Records:
________

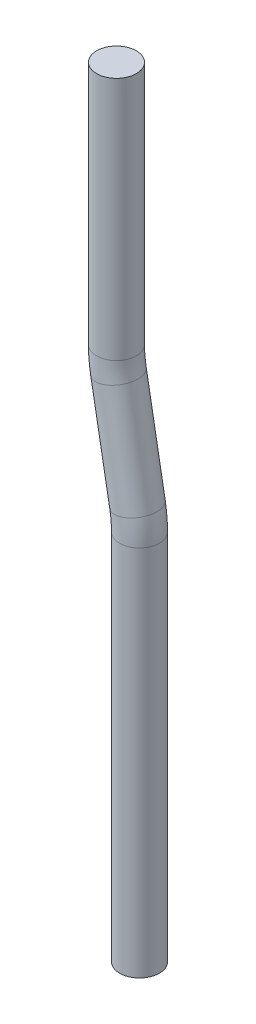
ISO-10303-21;
HEADER;
FILE_DESCRIPTION(('STEP AP214'),'2;1');
FILE_NAME('part.step','',(''),(''),'','','');
FILE_SCHEMA(('AUTOMOTIVE_DESIGN { 1 0 10303 214 1 1 1 1 }'));
ENDSEC;
DATA;
#1=APPLICATION_CONTEXT('core data for automotive mechanical design processes');
#2=APPLICATION_PROTOCOL_DEFINITION('international standard','automotive_design',2000,#1);
#3=PRODUCT_CONTEXT('',#1,'mechanical');
#4=PRODUCT('Part','Part','',(#3));
#5=PRODUCT_RELATED_PRODUCT_CATEGORY('part','',(#4));
#6=PRODUCT_DEFINITION_FORMATION('','',#4);
#7=PRODUCT_DEFINITION_CONTEXT('part definition',#1,'design');
#8=PRODUCT_DEFINITION('design','',#6,#7);
#9=PRODUCT_DEFINITION_SHAPE('','',#8);
#10=(LENGTH_UNIT() NAMED_UNIT(*) SI_UNIT(.MILLI.,.METRE.));
#11=(NAMED_UNIT(*) PLANE_ANGLE_UNIT() SI_UNIT($,.RADIAN.));
#12=(NAMED_UNIT(*) SI_UNIT($,.STERADIAN.) SOLID_ANGLE_UNIT());
#13=UNCERTAINTY_MEASURE_WITH_UNIT(LENGTH_MEASURE(1.E-05),#10,'distance_accuracy_value','');
#14=(GEOMETRIC_REPRESENTATION_CONTEXT(3) GLOBAL_UNCERTAINTY_ASSIGNED_CONTEXT((#13)) GLOBAL_UNIT_ASSIGNED_CONTEXT((#10,
#11,#12)) REPRESENTATION_CONTEXT('',''));
#15=CARTESIAN_POINT('',(0.,0.,0.));
#16=DIRECTION('',(0.,0.,1.));
#17=DIRECTION('',(1.,0.,0.));
#18=AXIS2_PLACEMENT_3D('',#15,#16,#17);
#19=CARTESIAN_POINT('',(0.,0.,0.));
#20=DIRECTION('',(0.,1.,0.));
#21=DIRECTION('',(0.,0.,1.));
#22=AXIS2_PLACEMENT_3D('',#19,#20,#21);
#23=PLANE('',#22);
#24=CARTESIAN_POINT('',(0.,0.,0.));
#25=DIRECTION('',(0.,1.,0.));
#26=DIRECTION('',(0.,0.,1.));
#27=AXIS2_PLACEMENT_3D('',#24,#25,#26);
#28=CIRCLE('',#27,3.937);
#29=CARTESIAN_POINT('',(0.,0.,3.937));
#30=VERTEX_POINT('',#29);
#31=EDGE_CURVE('E64',#30,#30,#28,.T.);
#32=ORIENTED_EDGE('',*,*,#31,.T.);
#33=EDGE_LOOP('',(#32));
#34=FACE_BOUND('',#33,.T.);
#35=ADVANCED_FACE('F37',(#34),#23,.T.);
#36=CARTESIAN_POINT('',(4.57200000000002,-152.4,0.));
#37=DIRECTION('',(0.,1.,0.));
#38=DIRECTION('',(0.,0.,1.));
#39=AXIS2_PLACEMENT_3D('',#36,#37,#38);
#40=PLANE('',#39);
#41=CARTESIAN_POINT('',(4.57200000000002,-152.4,0.));
#42=DIRECTION('',(0.,1.,0.));
#43=DIRECTION('',(0.,0.,1.));
#44=AXIS2_PLACEMENT_3D('',#41,#42,#43);
#45=CIRCLE('',#44,3.937);
#46=CARTESIAN_POINT('',(4.57200000000002,-152.4,3.937));
#47=VERTEX_POINT('',#46);
#48=EDGE_CURVE('E10',#47,#47,#45,.T.);
#49=ORIENTED_EDGE('',*,*,#48,.F.);
#50=EDGE_LOOP('',(#49));
#51=FACE_BOUND('',#50,.T.);
#52=ADVANCED_FACE('F73',(#51),#40,.F.);
#53=CARTESIAN_POINT('',(0.,0.,0.));
#54=DIRECTION('',(0.,-1.,0.));
#55=DIRECTION('',(1.,0.,0.));
#56=AXIS2_PLACEMENT_3D('',#53,#54,#55);
#57=CYLINDRICAL_SURFACE('',#56,3.937);
#58=CARTESIAN_POINT('',(0.,-48.5322225709485,0.));
#59=DIRECTION('',(0.,1.,0.));
#60=DIRECTION('',(0.,0.,1.));
#61=AXIS2_PLACEMENT_3D('',#58,#59,#60);
#62=CIRCLE('',#61,3.937);
#63=CARTESIAN_POINT('',(-3.937,-48.5322225709485,0.));
#64=VERTEX_POINT('',#63);
#65=EDGE_CURVE('E60',#64,#64,#62,.T.);
#66=ORIENTED_EDGE('',*,*,#65,.T.);
#67=EDGE_LOOP('',(#66));
#68=FACE_BOUND('',#67,.T.);
#69=ORIENTED_EDGE('',*,*,#31,.F.);
#70=EDGE_LOOP('',(#69));
#71=FACE_BOUND('',#70,.T.);
#72=ADVANCED_FACE('F70',(#68,#71),#57,.T.);
#73=CARTESIAN_POINT('',(25.4,-48.5322225709486,0.));
#74=DIRECTION('',(0.,0.,1.));
#75=DIRECTION('',(1.,0.,0.));
#76=AXIS2_PLACEMENT_3D('',#73,#74,#75);
#77=TOROIDAL_SURFACE('',#76,25.4,3.937);
#78=CARTESIAN_POINT('',(0.401743571068161,-53.0319087281564,0.));
#79=DIRECTION('',(-0.177152998315269,0.984183323973695,0.));
#80=DIRECTION('',(0.,0.,1.));
#81=AXIS2_PLACEMENT_3D('',#78,#79,#80);
#82=CIRCLE('',#81,3.937);
#83=CARTESIAN_POINT('',(-3.47298617541627,-53.7293600825236,0.));
#84=VERTEX_POINT('',#83);
#85=EDGE_CURVE('E54',#84,#84,#82,.T.);
#86=CARTESIAN_POINT('',(25.4,-48.5322225709486,0.));
#87=DIRECTION('',(0.,0.,1.));
#88=DIRECTION('',(1.,0.,0.));
#89=AXIS2_PLACEMENT_3D('',#86,#87,#88);
#90=CIRCLE('',#89,29.337);
#91=EDGE_CURVE('',#64,#84,#90,.T.);
#92=ORIENTED_EDGE('',*,*,#65,.F.);
#93=ORIENTED_EDGE('',*,*,#85,.T.);
#94=ORIENTED_EDGE('',*,*,#91,.T.);
#95=ORIENTED_EDGE('',*,*,#91,.F.);
#96=EDGE_LOOP('',(#92,#94,#93,#95));
#97=FACE_BOUND('',#96,.T.);
#98=ADVANCED_FACE('F72',(#97),#77,.T.);
#99=CARTESIAN_POINT('',(0.401743571068162,-53.0319087281564,0.));
#100=DIRECTION('',(0.177152998315265,-0.984183323973695,0.));
#101=DIRECTION('',(0.984183323973695,0.177152998315265,0.));
#102=AXIS2_PLACEMENT_3D('',#99,#100,#101);
#103=CYLINDRICAL_SURFACE('',#102,3.937);
#104=CARTESIAN_POINT('',(4.17025642893185,-73.9680912718436,0.));
#105=DIRECTION('',(-0.177152998315265,0.984183323973695,0.));
#106=DIRECTION('',(0.,0.,1.));
#107=AXIS2_PLACEMENT_3D('',#104,#105,#106);
#108=CIRCLE('',#107,3.937);
#109=CARTESIAN_POINT('',(8.04498617541629,-73.2706399174764,0.));
#110=VERTEX_POINT('',#109);
#111=EDGE_CURVE('E49',#110,#110,#108,.T.);
#112=ORIENTED_EDGE('',*,*,#111,.T.);
#113=EDGE_LOOP('',(#112));
#114=FACE_BOUND('',#113,.T.);
#115=ORIENTED_EDGE('',*,*,#85,.F.);
#116=EDGE_LOOP('',(#115));
#117=FACE_BOUND('',#116,.T.);
#118=ADVANCED_FACE('F80',(#114,#117),#103,.T.);
#119=CARTESIAN_POINT('',(-20.828,-78.4677774290514,0.));
#120=DIRECTION('',(0.,0.,-1.));
#121=DIRECTION('',(-1.,0.,0.));
#122=AXIS2_PLACEMENT_3D('',#119,#120,#121);
#123=TOROIDAL_SURFACE('',#122,25.4,3.937);
#124=CARTESIAN_POINT('',(4.57200000000001,-78.4677774290514,0.));
#125=DIRECTION('',(0.,1.,0.));
#126=DIRECTION('',(0.,0.,1.));
#127=AXIS2_PLACEMENT_3D('',#124,#125,#126);
#128=CIRCLE('',#127,3.937);
#129=CARTESIAN_POINT('',(8.50900000000001,-78.4677774290514,0.));
#130=VERTEX_POINT('',#129);
#131=EDGE_CURVE('E44',#130,#130,#128,.T.);
#132=CARTESIAN_POINT('',(-20.828,-78.4677774290514,0.));
#133=DIRECTION('',(0.,0.,-1.));
#134=DIRECTION('',(-1.,0.,0.));
#135=AXIS2_PLACEMENT_3D('',#132,#133,#134);
#136=CIRCLE('',#135,29.337);
#137=EDGE_CURVE('',#110,#130,#136,.T.);
#138=ORIENTED_EDGE('',*,*,#111,.F.);
#139=ORIENTED_EDGE('',*,*,#131,.T.);
#140=ORIENTED_EDGE('',*,*,#137,.T.);
#141=ORIENTED_EDGE('',*,*,#137,.F.);
#142=EDGE_LOOP('',(#138,#140,#139,#141));
#143=FACE_BOUND('',#142,.T.);
#144=ADVANCED_FACE('F86',(#143),#123,.T.);
#145=CARTESIAN_POINT('',(4.57200000000001,-78.4677774290515,0.));
#146=DIRECTION('',(0.,-1.,0.));
#147=DIRECTION('',(1.,0.,0.));
#148=AXIS2_PLACEMENT_3D('',#145,#146,#147);
#149=CYLINDRICAL_SURFACE('',#148,3.937);
#150=ORIENTED_EDGE('',*,*,#48,.T.);
#151=EDGE_LOOP('',(#150));
#152=FACE_BOUND('',#151,.T.);
#153=ORIENTED_EDGE('',*,*,#131,.F.);
#154=EDGE_LOOP('',(#153));
#155=FACE_BOUND('',#154,.T.);
#156=ADVANCED_FACE('F84',(#152,#155),#149,.T.);
#157=CLOSED_SHELL('',(#35,#52,#72,#98,#118,#144,#156));
#158=MANIFOLD_SOLID_BREP('B2',#157);
#159=ADVANCED_BREP_SHAPE_REPRESENTATION('',(#18,#158),#14);
#160=SHAPE_DEFINITION_REPRESENTATION(#9,#159);
ENDSEC;
END-ISO-10303-21;

________

Return only the lines between the one holding "#112=ORIENTED_EDGE('',*,*,#111,.T.);" and the one holding "#128=CIRCLE('',#127,3.937);", inclusive, exactly as they appear above.

The completed task:
#112=ORIENTED_EDGE('',*,*,#111,.T.);
#113=EDGE_LOOP('',(#112));
#114=FACE_BOUND('',#113,.T.);
#115=ORIENTED_EDGE('',*,*,#85,.F.);
#116=EDGE_LOOP('',(#115));
#117=FACE_BOUND('',#116,.T.);
#118=ADVANCED_FACE('F80',(#114,#117),#103,.T.);
#119=CARTESIAN_POINT('',(-20.828,-78.4677774290514,0.));
#120=DIRECTION('',(0.,0.,-1.));
#121=DIRECTION('',(-1.,0.,0.));
#122=AXIS2_PLACEMENT_3D('',#119,#120,#121);
#123=TOROIDAL_SURFACE('',#122,25.4,3.937);
#124=CARTESIAN_POINT('',(4.57200000000001,-78.4677774290514,0.));
#125=DIRECTION('',(0.,1.,0.));
#126=DIRECTION('',(0.,0.,1.));
#127=AXIS2_PLACEMENT_3D('',#124,#125,#126);
#128=CIRCLE('',#127,3.937);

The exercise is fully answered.